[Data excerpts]
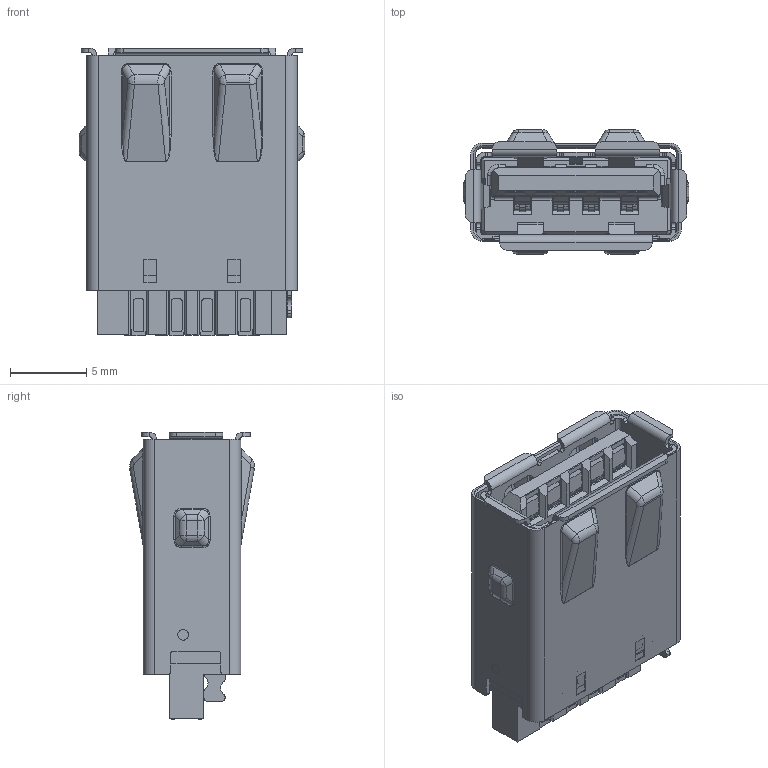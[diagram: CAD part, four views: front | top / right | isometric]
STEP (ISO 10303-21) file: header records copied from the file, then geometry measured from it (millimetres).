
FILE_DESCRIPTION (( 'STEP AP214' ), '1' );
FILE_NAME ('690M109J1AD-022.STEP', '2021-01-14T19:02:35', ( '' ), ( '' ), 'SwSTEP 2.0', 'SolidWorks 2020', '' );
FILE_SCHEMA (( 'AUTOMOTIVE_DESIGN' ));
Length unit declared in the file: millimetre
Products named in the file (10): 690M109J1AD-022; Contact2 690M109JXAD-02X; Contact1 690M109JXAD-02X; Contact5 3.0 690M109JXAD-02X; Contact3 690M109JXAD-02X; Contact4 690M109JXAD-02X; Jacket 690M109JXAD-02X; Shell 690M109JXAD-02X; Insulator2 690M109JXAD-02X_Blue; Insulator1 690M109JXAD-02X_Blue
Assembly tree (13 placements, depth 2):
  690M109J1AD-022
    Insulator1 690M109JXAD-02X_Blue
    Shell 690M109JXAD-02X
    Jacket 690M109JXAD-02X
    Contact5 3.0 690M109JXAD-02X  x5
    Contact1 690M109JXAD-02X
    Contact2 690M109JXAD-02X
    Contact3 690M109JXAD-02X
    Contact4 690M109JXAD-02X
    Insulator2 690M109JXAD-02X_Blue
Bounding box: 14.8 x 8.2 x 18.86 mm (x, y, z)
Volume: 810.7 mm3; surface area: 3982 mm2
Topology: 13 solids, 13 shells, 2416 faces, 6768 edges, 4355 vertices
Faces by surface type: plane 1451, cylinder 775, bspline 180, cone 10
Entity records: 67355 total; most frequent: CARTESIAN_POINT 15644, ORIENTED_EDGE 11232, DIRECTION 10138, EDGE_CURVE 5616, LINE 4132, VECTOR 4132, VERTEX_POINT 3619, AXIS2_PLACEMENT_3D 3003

▶ _How to complete this task_
Reproduce every record above exactly as given, excluding pictures from the result.

▶ _Answer below_
[diagram: CAD part, four views: front | top / right | isometric]
STEP (ISO 10303-21) file: header records copied from the file, then geometry measured from it (millimetres).
FILE_DESCRIPTION (( 'STEP AP214' ), '1' );
FILE_NAME ('690M109J1AD-022.STEP', '2021-01-14T19:02:35', ( '' ), ( '' ), 'SwSTEP 2.0', 'SolidWorks 2020', '' );
FILE_SCHEMA (( 'AUTOMOTIVE_DESIGN' ));
Length unit declared in the file: millimetre
Products named in the file (10): 690M109J1AD-022; Contact2 690M109JXAD-02X; Contact1 690M109JXAD-02X; Contact5 3.0 690M109JXAD-02X; Contact3 690M109JXAD-02X; Contact4 690M109JXAD-02X; Jacket 690M109JXAD-02X; Shell 690M109JXAD-02X; Insulator2 690M109JXAD-02X_Blue; Insulator1 690M109JXAD-02X_Blue
Assembly tree (13 placements, depth 2):
  690M109J1AD-022
    Insulator1 690M109JXAD-02X_Blue
    Shell 690M109JXAD-02X
    Jacket 690M109JXAD-02X
    Contact5 3.0 690M109JXAD-02X  x5
    Contact1 690M109JXAD-02X
    Contact2 690M109JXAD-02X
    Contact3 690M109JXAD-02X
    Contact4 690M109JXAD-02X
    Insulator2 690M109JXAD-02X_Blue
Bounding box: 14.8 x 8.2 x 18.86 mm (x, y, z)
Volume: 810.7 mm3; surface area: 3982 mm2
Topology: 13 solids, 13 shells, 2416 faces, 6768 edges, 4355 vertices
Faces by surface type: plane 1451, cylinder 775, bspline 180, cone 10
Entity records: 67355 total; most frequent: CARTESIAN_POINT 15644, ORIENTED_EDGE 11232, DIRECTION 10138, EDGE_CURVE 5616, LINE 4132, VECTOR 4132, VERTEX_POINT 3619, AXIS2_PLACEMENT_3D 3003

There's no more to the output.